2) Should I move MX first or move the IMAP/submission hostname first?

Dans la plupart des organisations : stabilisez d’abord IMAP/submission (même nom d’hôte, TLS valide), puis coupez l’MX. Les utilisateurs remarquent immédiatement une rupture IMAP ; les retards SMTP entrants sont souvent tolérés car SMTP réessaye.

3) Is rsync safe for Maildir?

Plutôt oui, si vous le faites en deux passes et acceptez que les changements concurrents puissent créer des courses. Pour la synchronisation finale, un court gel est plus propre. Si vous avez Dovecot des deux côtés, dsync est typiquement plus sûr pour la cohérence des métadonnées.

4) What about mbox mail storage?

Mbox en écriture concurrente est risqué à copier avec rsync parce que vous pouvez capturer des écritures partielles ou des états de lock étranges. Préférez une migration au niveau applicatif ou convertissez en Maildir avec une procédure contrôlée et une fenêtre d’indisponibilité.

5) Do I need to migrate Dovecot indexes?

Pas strictement, mais les reconstruire peut causer une forte I/O et ralentir l’IMAP après la bascule. Si vous pouvez migrer les index en toute sécurité et qu’ils sont compatibles, cela réduit les douleurs post-bascule. Testez d’abord.

6) How do I handle mail that arrives at the old server after cutover?

Soit différer avec 4xx pour que les expéditeurs réessaient vers le nouvel MX, soit relayer temporairement vers le nouveau serveur. Si vous relayez, implémentez une prévention de boucle et limitez la durée.

7) Should I keep the same DKIM key or rotate it?

Conservez la même clé/sélecteur DKIM pendant la migration si possible. Faites la rotation plus tard. La semaine de migration n’est pas le bon moment pour « améliorer l’hygiène de sécurité » à moins d’aimer les modes d’échec combinés.

8) How long should I keep the old server around?

Au moins le temps de couvrir les caches DNS et tout système retardataire envoyant ou livrant vers l’ancien hôte. Couramment une à deux semaines pour les organisations prudentes, plus court si vous avez une observabilité et un contrôle complets.

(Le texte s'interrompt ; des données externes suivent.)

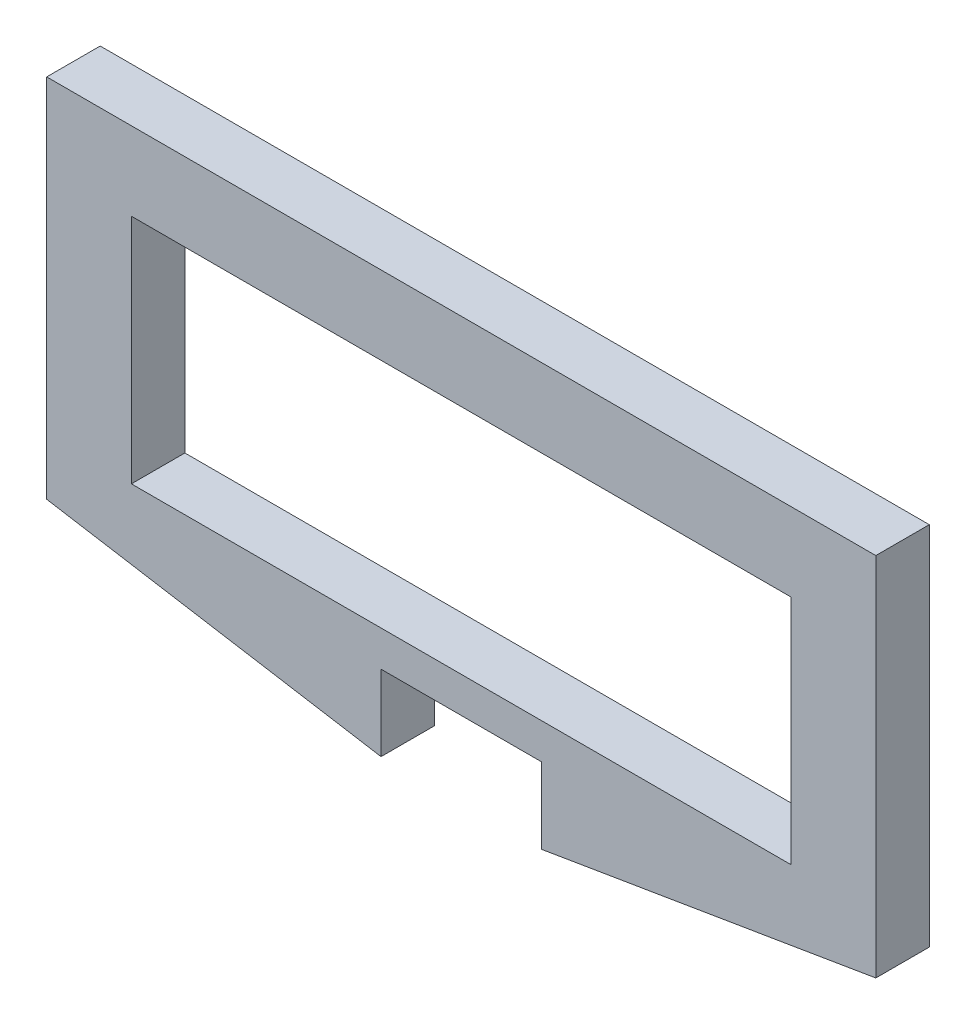
ISO-10303-21;
HEADER;
FILE_DESCRIPTION(('STEP AP214'),'2;1');
FILE_NAME('part.step','',(''),(''),'','','');
FILE_SCHEMA(('AUTOMOTIVE_DESIGN { 1 0 10303 214 1 1 1 1 }'));
ENDSEC;
DATA;
#1=APPLICATION_CONTEXT('core data for automotive mechanical design processes');
#2=APPLICATION_PROTOCOL_DEFINITION('international standard','automotive_design',2000,#1);
#3=PRODUCT_CONTEXT('',#1,'mechanical');
#4=PRODUCT('Part','Part','',(#3));
#5=PRODUCT_RELATED_PRODUCT_CATEGORY('part','',(#4));
#6=PRODUCT_DEFINITION_FORMATION('','',#4);
#7=PRODUCT_DEFINITION_CONTEXT('part definition',#1,'design');
#8=PRODUCT_DEFINITION('design','',#6,#7);
#9=PRODUCT_DEFINITION_SHAPE('','',#8);
#10=(LENGTH_UNIT() NAMED_UNIT(*) SI_UNIT(.MILLI.,.METRE.));
#11=(NAMED_UNIT(*) PLANE_ANGLE_UNIT() SI_UNIT($,.RADIAN.));
#12=(NAMED_UNIT(*) SI_UNIT($,.STERADIAN.) SOLID_ANGLE_UNIT());
#13=UNCERTAINTY_MEASURE_WITH_UNIT(LENGTH_MEASURE(1.E-05),#10,'distance_accuracy_value','');
#14=(GEOMETRIC_REPRESENTATION_CONTEXT(3) GLOBAL_UNCERTAINTY_ASSIGNED_CONTEXT((#13)) GLOBAL_UNIT_ASSIGNED_CONTEXT((#10,
#11,#12)) REPRESENTATION_CONTEXT('',''));
#15=CARTESIAN_POINT('',(0.,0.,0.));
#16=DIRECTION('',(0.,0.,1.));
#17=DIRECTION('',(1.,0.,0.));
#18=AXIS2_PLACEMENT_3D('',#15,#16,#17);
#19=CARTESIAN_POINT('',(0.,0.,30.));
#20=DIRECTION('',(0.,0.,1.));
#21=DIRECTION('',(1.,0.,0.));
#22=AXIS2_PLACEMENT_3D('',#19,#20,#21);
#23=PLANE('',#22);
#24=DIRECTION('',(0.,-1.,0.));
#25=VECTOR('',#24,1.);
#26=CARTESIAN_POINT('',(-232.49,9.89118189426478,30.));
#27=LINE('',#26,#25);
#28=CARTESIAN_POINT('',(-232.49,9.89118189426478,30.));
#29=VERTEX_POINT('',#28);
#30=CARTESIAN_POINT('',(-232.49,-195.288818105735,30.));
#31=VERTEX_POINT('',#30);
#32=EDGE_CURVE('E157',#29,#31,#27,.T.);
#33=ORIENTED_EDGE('',*,*,#32,.T.);
#34=DIRECTION('',(0.986400586141853,-0.164359008451041,0.));
#35=VECTOR('',#34,1.);
#36=CARTESIAN_POINT('',(-232.49,-195.288818105735,30.));
#37=LINE('',#36,#35);
#38=CARTESIAN_POINT('',(-45.,-226.529341405723,30.));
#39=VERTEX_POINT('',#38);
#40=EDGE_CURVE('E160',#31,#39,#37,.T.);
#41=ORIENTED_EDGE('',*,*,#40,.T.);
#42=DIRECTION('',(0.,1.,0.));
#43=VECTOR('',#42,1.);
#44=CARTESIAN_POINT('',(-45.,-226.529341405723,30.));
#45=LINE('',#44,#43);
#46=CARTESIAN_POINT('',(-45.,-184.029341405723,30.));
#47=VERTEX_POINT('',#46);
#48=EDGE_CURVE('E163',#39,#47,#45,.T.);
#49=ORIENTED_EDGE('',*,*,#48,.T.);
#50=DIRECTION('',(1.,0.,0.));
#51=VECTOR('',#50,1.);
#52=CARTESIAN_POINT('',(-45.,-184.029341405723,30.));
#53=LINE('',#52,#51);
#54=CARTESIAN_POINT('',(45.,-184.029341405723,30.));
#55=VERTEX_POINT('',#54);
#56=EDGE_CURVE('E165',#47,#55,#53,.T.);
#57=ORIENTED_EDGE('',*,*,#56,.T.);
#58=DIRECTION('',(0.,-1.,0.));
#59=VECTOR('',#58,1.);
#60=CARTESIAN_POINT('',(45.,-226.529341405723,30.));
#61=LINE('',#60,#59);
#62=CARTESIAN_POINT('',(45.,-226.529341405723,30.));
#63=VERTEX_POINT('',#62);
#64=EDGE_CURVE('E167',#55,#63,#61,.T.);
#65=ORIENTED_EDGE('',*,*,#64,.T.);
#66=DIRECTION('',(0.986400586141853,0.164359008451041,0.));
#67=VECTOR('',#66,1.);
#68=CARTESIAN_POINT('',(232.49,-195.288818105735,30.));
#69=LINE('',#68,#67);
#70=CARTESIAN_POINT('',(232.49,-195.288818105735,30.));
#71=VERTEX_POINT('',#70);
#72=EDGE_CURVE('E169',#63,#71,#69,.T.);
#73=ORIENTED_EDGE('',*,*,#72,.T.);
#74=DIRECTION('',(0.,1.,0.));
#75=VECTOR('',#74,1.);
#76=CARTESIAN_POINT('',(232.49,9.89118189426467,30.));
#77=LINE('',#76,#75);
#78=CARTESIAN_POINT('',(232.49,9.89118189426467,30.));
#79=VERTEX_POINT('',#78);
#80=EDGE_CURVE('E171',#71,#79,#77,.T.);
#81=ORIENTED_EDGE('',*,*,#80,.T.);
#82=DIRECTION('',(-1.,0.,0.));
#83=VECTOR('',#82,1.);
#84=CARTESIAN_POINT('',(232.49,9.89118189426467,30.));
#85=LINE('',#84,#83);
#86=EDGE_CURVE('E173',#79,#29,#85,.T.);
#87=ORIENTED_EDGE('',*,*,#86,.T.);
#88=EDGE_LOOP('',(#33,#41,#49,#57,#65,#73,#81,#87));
#89=FACE_BOUND('',#88,.T.);
#90=DIRECTION('',(0.,-1.,0.));
#91=VECTOR('',#90,1.);
#92=CARTESIAN_POINT('',(-185.,-164.029341405723,30.));
#93=LINE('',#92,#91);
#94=CARTESIAN_POINT('',(-185.,-34.0293414057226,30.));
#95=VERTEX_POINT('',#94);
#96=CARTESIAN_POINT('',(-185.,-164.029341405723,30.));
#97=VERTEX_POINT('',#96);
#98=EDGE_CURVE('E129',#95,#97,#93,.T.);
#99=ORIENTED_EDGE('',*,*,#98,.F.);
#100=DIRECTION('',(-1.,0.,0.));
#101=VECTOR('',#100,1.);
#102=CARTESIAN_POINT('',(-185.,-34.0293414057226,30.));
#103=LINE('',#102,#101);
#104=CARTESIAN_POINT('',(185.,-34.0293414057226,30.));
#105=VERTEX_POINT('',#104);
#106=EDGE_CURVE('E121',#105,#95,#103,.T.);
#107=ORIENTED_EDGE('',*,*,#106,.F.);
#108=DIRECTION('',(0.,1.,0.));
#109=VECTOR('',#108,1.);
#110=CARTESIAN_POINT('',(185.,-164.029341405723,30.));
#111=LINE('',#110,#109);
#112=CARTESIAN_POINT('',(185.,-164.029341405723,30.));
#113=VERTEX_POINT('',#112);
#114=EDGE_CURVE('E143',#113,#105,#111,.T.);
#115=ORIENTED_EDGE('',*,*,#114,.F.);
#116=DIRECTION('',(1.,0.,0.));
#117=VECTOR('',#116,1.);
#118=CARTESIAN_POINT('',(185.,-164.029341405723,30.));
#119=LINE('',#118,#117);
#120=EDGE_CURVE('E141',#97,#113,#119,.T.);
#121=ORIENTED_EDGE('',*,*,#120,.F.);
#122=EDGE_LOOP('',(#99,#107,#115,#121));
#123=FACE_BOUND('',#122,.T.);
#124=ADVANCED_FACE('F32',(#89,#123),#23,.T.);
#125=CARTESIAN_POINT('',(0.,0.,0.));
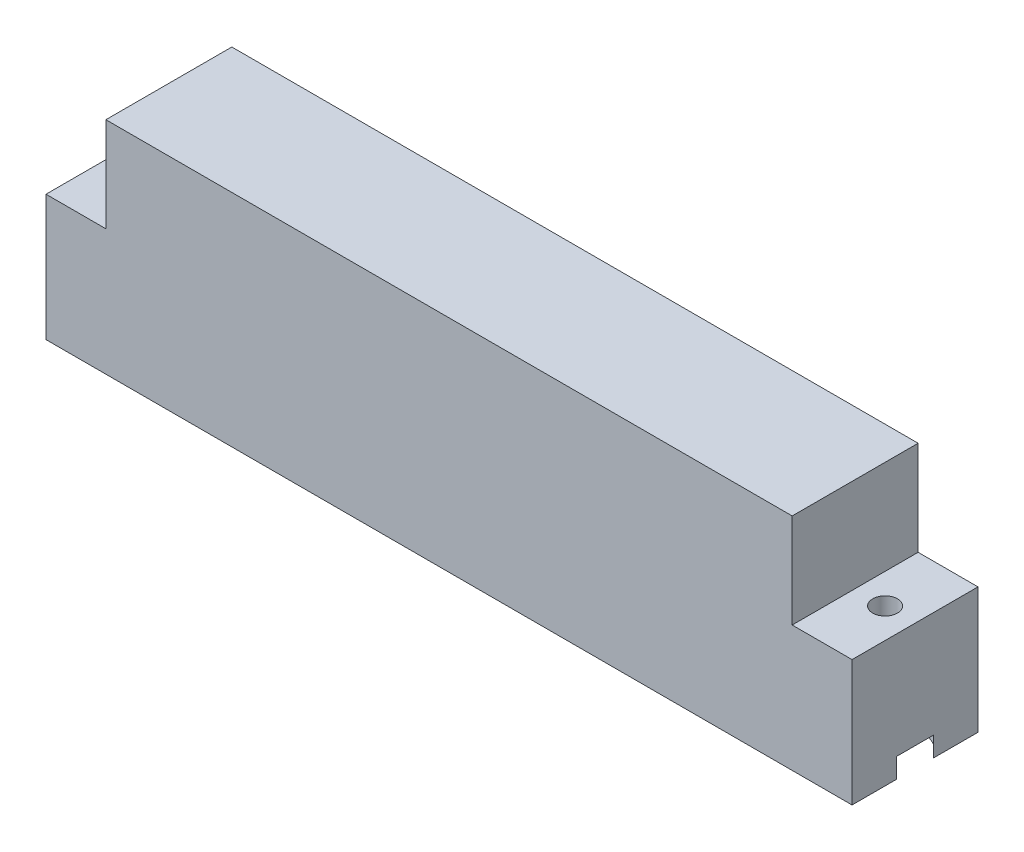
ISO-10303-21;
HEADER;
FILE_DESCRIPTION(('STEP AP214'),'2;1');
FILE_NAME('part.step','',(''),(''),'','','');
FILE_SCHEMA(('AUTOMOTIVE_DESIGN { 1 0 10303 214 1 1 1 1 }'));
ENDSEC;
DATA;
#1=APPLICATION_CONTEXT('core data for automotive mechanical design processes');
#2=APPLICATION_PROTOCOL_DEFINITION('international standard','automotive_design',2000,#1);
#3=PRODUCT_CONTEXT('',#1,'mechanical');
#4=PRODUCT('Part','Part','',(#3));
#5=PRODUCT_RELATED_PRODUCT_CATEGORY('part','',(#4));
#6=PRODUCT_DEFINITION_FORMATION('','',#4);
#7=PRODUCT_DEFINITION_CONTEXT('part definition',#1,'design');
#8=PRODUCT_DEFINITION('design','',#6,#7);
#9=PRODUCT_DEFINITION_SHAPE('','',#8);
#10=(LENGTH_UNIT() NAMED_UNIT(*) SI_UNIT(.MILLI.,.METRE.));
#11=(NAMED_UNIT(*) PLANE_ANGLE_UNIT() SI_UNIT($,.RADIAN.));
#12=(NAMED_UNIT(*) SI_UNIT($,.STERADIAN.) SOLID_ANGLE_UNIT());
#13=UNCERTAINTY_MEASURE_WITH_UNIT(LENGTH_MEASURE(1.E-05),#10,'distance_accuracy_value','');
#14=(GEOMETRIC_REPRESENTATION_CONTEXT(3) GLOBAL_UNCERTAINTY_ASSIGNED_CONTEXT((#13)) GLOBAL_UNIT_ASSIGNED_CONTEXT((#10,
#11,#12)) REPRESENTATION_CONTEXT('',''));
#15=CARTESIAN_POINT('',(0.,0.,0.));
#16=DIRECTION('',(0.,0.,1.));
#17=DIRECTION('',(1.,0.,0.));
#18=AXIS2_PLACEMENT_3D('',#15,#16,#17);
#19=CARTESIAN_POINT('',(78.26121,0.,-6.35));
#20=DIRECTION('',(0.,1.,0.));
#21=DIRECTION('',(0.,0.,1.));
#22=AXIS2_PLACEMENT_3D('',#19,#20,#21);
#23=CYLINDRICAL_SURFACE('',#22,1.25);
#24=CARTESIAN_POINT('',(78.26121,12.7,-6.35));
#25=DIRECTION('',(0.,1.,0.));
#26=DIRECTION('',(0.,0.,1.));
#27=AXIS2_PLACEMENT_3D('',#24,#25,#26);
#28=CIRCLE('',#27,1.25);
#29=CARTESIAN_POINT('',(78.26121,12.7,-5.1));
#30=VERTEX_POINT('',#29);
#31=EDGE_CURVE('E198',#30,#30,#28,.T.);
#32=ORIENTED_EDGE('',*,*,#31,.T.);
#33=EDGE_LOOP('',(#32));
#34=FACE_BOUND('',#33,.T.);
#35=CARTESIAN_POINT('',(78.26121,1.99898,-6.35));
#36=DIRECTION('',(0.,-1.,0.));
#37=DIRECTION('',(0.,0.,-1.));
#38=AXIS2_PLACEMENT_3D('',#35,#36,#37);
#39=CIRCLE('',#38,1.25);
#40=CARTESIAN_POINT('',(78.26121,1.99898,-7.6));
#41=VERTEX_POINT('',#40);
#42=EDGE_CURVE('E41',#41,#41,#39,.F.);
#43=ORIENTED_EDGE('',*,*,#42,.F.);
#44=EDGE_LOOP('',(#43));
#45=FACE_BOUND('',#44,.T.);
#46=ADVANCED_FACE('F37',(#34,#45),#23,.F.);
#47=CARTESIAN_POINT('',(3.01879,0.,-6.35));
#48=DIRECTION('',(0.,1.,0.));
#49=DIRECTION('',(0.,0.,1.));
#50=AXIS2_PLACEMENT_3D('',#47,#48,#49);
#51=CYLINDRICAL_SURFACE('',#50,1.25);
#52=CARTESIAN_POINT('',(3.01879,12.7,-6.35));
#53=DIRECTION('',(0.,1.,0.));
#54=DIRECTION('',(0.,0.,1.));
#55=AXIS2_PLACEMENT_3D('',#52,#53,#54);
#56=CIRCLE('',#55,1.25);
#57=CARTESIAN_POINT('',(3.01879,12.7,-5.1));
#58=VERTEX_POINT('',#57);
#59=EDGE_CURVE('E199',#58,#58,#56,.T.);
#60=ORIENTED_EDGE('',*,*,#59,.T.);
#61=EDGE_LOOP('',(#60));
#62=FACE_BOUND('',#61,.T.);
#63=CARTESIAN_POINT('',(3.01879,1.99898,-6.35));
#64=DIRECTION('',(0.,-1.,0.));
#65=DIRECTION('',(0.,0.,-1.));
#66=AXIS2_PLACEMENT_3D('',#63,#64,#65);
#67=CIRCLE('',#66,1.25);
#68=CARTESIAN_POINT('',(3.01879,1.99898,-7.6));
#69=VERTEX_POINT('',#68);
#70=EDGE_CURVE('E174',#69,#69,#67,.F.);
#71=ORIENTED_EDGE('',*,*,#70,.F.);
#72=EDGE_LOOP('',(#71));
#73=FACE_BOUND('',#72,.T.);
#74=ADVANCED_FACE('F267',(#62,#73),#51,.F.);
#75=CARTESIAN_POINT('',(0.,12.7,0.));
#76=DIRECTION('',(0.,-1.,0.));
#77=DIRECTION('',(0.,0.,-1.));
#78=AXIS2_PLACEMENT_3D('',#75,#76,#77);
#79=PLANE('',#78);
#80=ORIENTED_EDGE('',*,*,#59,.F.);
#81=EDGE_LOOP('',(#80));
#82=FACE_BOUND('',#81,.T.);
#83=DIRECTION('',(0.,0.,1.));
#84=VECTOR('',#83,1.);
#85=CARTESIAN_POINT('',(6.03758,12.7,0.));
#86=LINE('',#85,#84);
#87=CARTESIAN_POINT('',(6.03758,12.7,-12.7));
#88=VERTEX_POINT('',#87);
#89=CARTESIAN_POINT('',(6.03758,12.7,0.));
#90=VERTEX_POINT('',#89);
#91=EDGE_CURVE('E202',#88,#90,#86,.T.);
#92=ORIENTED_EDGE('',*,*,#91,.F.);
#93=DIRECTION('',(-1.,0.,0.));
#94=VECTOR('',#93,1.);
#95=CARTESIAN_POINT('',(0.,12.7,-12.7));
#96=LINE('',#95,#94);
#97=CARTESIAN_POINT('',(0.,12.7,-12.7));
#98=VERTEX_POINT('',#97);
#99=EDGE_CURVE('E232',#88,#98,#96,.T.);
#100=ORIENTED_EDGE('',*,*,#99,.T.);
#101=DIRECTION('',(0.,0.,1.));
#102=VECTOR('',#101,1.);
#103=CARTESIAN_POINT('',(0.,12.7,0.));
#104=LINE('',#103,#102);
#105=CARTESIAN_POINT('',(0.,12.7,0.));
#106=VERTEX_POINT('',#105);
#107=EDGE_CURVE('E166',#98,#106,#104,.T.);
#108=ORIENTED_EDGE('',*,*,#107,.T.);
#109=DIRECTION('',(1.,0.,0.));
#110=VECTOR('',#109,1.);
#111=CARTESIAN_POINT('',(0.,12.7,0.));
#112=LINE('',#111,#110);
#113=EDGE_CURVE('E230',#106,#90,#112,.T.);
#114=ORIENTED_EDGE('',*,*,#113,.T.);
#115=EDGE_LOOP('',(#92,#100,#108,#114));
#116=FACE_BOUND('',#115,.T.);
#117=ADVANCED_FACE('F265',(#82,#116),#79,.F.);
#118=ORIENTED_EDGE('',*,*,#31,.F.);
#119=EDGE_LOOP('',(#118));
#120=FACE_BOUND('',#119,.T.);
#121=DIRECTION('',(0.,0.,-1.));
#122=VECTOR('',#121,1.);
#123=CARTESIAN_POINT('',(75.24242,12.7,0.));
#124=LINE('',#123,#122);
#125=CARTESIAN_POINT('',(75.24242,12.7,0.));
#126=VERTEX_POINT('',#125);
#127=CARTESIAN_POINT('',(75.24242,12.7,-12.7));
#128=VERTEX_POINT('',#127);
#129=EDGE_CURVE('E209',#126,#128,#124,.T.);
#130=ORIENTED_EDGE('',*,*,#129,.F.);
#131=CARTESIAN_POINT('',(81.28,12.7,0.));
#132=VERTEX_POINT('',#131);
#133=EDGE_CURVE('E229',#126,#132,#112,.T.);
#134=ORIENTED_EDGE('',*,*,#133,.T.);
#135=DIRECTION('',(0.,0.,-1.));
#136=VECTOR('',#135,1.);
#137=CARTESIAN_POINT('',(81.28,12.7,0.));
#138=LINE('',#137,#136);
#139=CARTESIAN_POINT('',(81.28,12.7,-12.7));
#140=VERTEX_POINT('',#139);
#141=EDGE_CURVE('E231',#132,#140,#138,.T.);
#142=ORIENTED_EDGE('',*,*,#141,.T.);
#143=EDGE_CURVE('E157',#140,#128,#96,.T.);
#144=ORIENTED_EDGE('',*,*,#143,.T.);
#145=EDGE_LOOP('',(#130,#134,#142,#144));
#146=FACE_BOUND('',#145,.T.);
#147=ADVANCED_FACE('F240',(#120,#146),#79,.F.);
#148=CARTESIAN_POINT('',(0.,12.7,0.));
#149=DIRECTION('',(1.,0.,0.));
#150=DIRECTION('',(0.,0.,-1.));
#151=AXIS2_PLACEMENT_3D('',#148,#149,#150);
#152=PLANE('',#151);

9) What’s the most common cause of “mailbox is empty” reports?

Mauvaises permissions/propriété, mail_location incorrect ou mappage d’auth qui envoie les utilisateurs vers un chemin différent. Moins fréquent : changement d’UIDVALIDITY provoquant la confusion côté client.

10) How do I know it’s safe to restore high TTL values?

Quand les logs montrent un trafic entrant négligeable vers l’ancien serveur, que l’outbound est stable depuis la nouvelle IP et que vous ne voyez pas de connexions clientes retardataires vers les anciens endpoints.

Étapes suivantes (pratiques, pas motivationnelles)

  1. Baissez les TTL pour les MX et les noms d’hôte mail 24–48 heures à l’avance, et vérifiez avec dig.
  2. Construisez le nouveau serveur pour reproduire le comportement ancien : ports, TLS, auth, domaines, filtres, quotas.
  3. Lancez une synchronisation initiale, puis une synchronisation incrémentale, et mesurez les deltas pour prédire la fenêtre finale.
  4. Validez avec de vraies boîtes et des tests bout en bout SMTP/IMAP avant de toucher au DNS.
  5. Basculez avec un gel court, préférez les différés 4xx aux rejets permanents sur l’ancien serveur.
  6. Surveillez comme un professionnel : files, échecs d’auth, latence stockage et comportement DKIM/SPF.
  7. Gardez le rollback simple : ancien serveur intact, SPF incluant temporairement les deux IPs, et ne supprimez rien avant une semaine calme.

Si vous suivez ces étapes, la migration devient agréablement ennuyeuse. Et ennuyeux est le compliment le plus élevé qu’on puisse faire à un système de messagerie.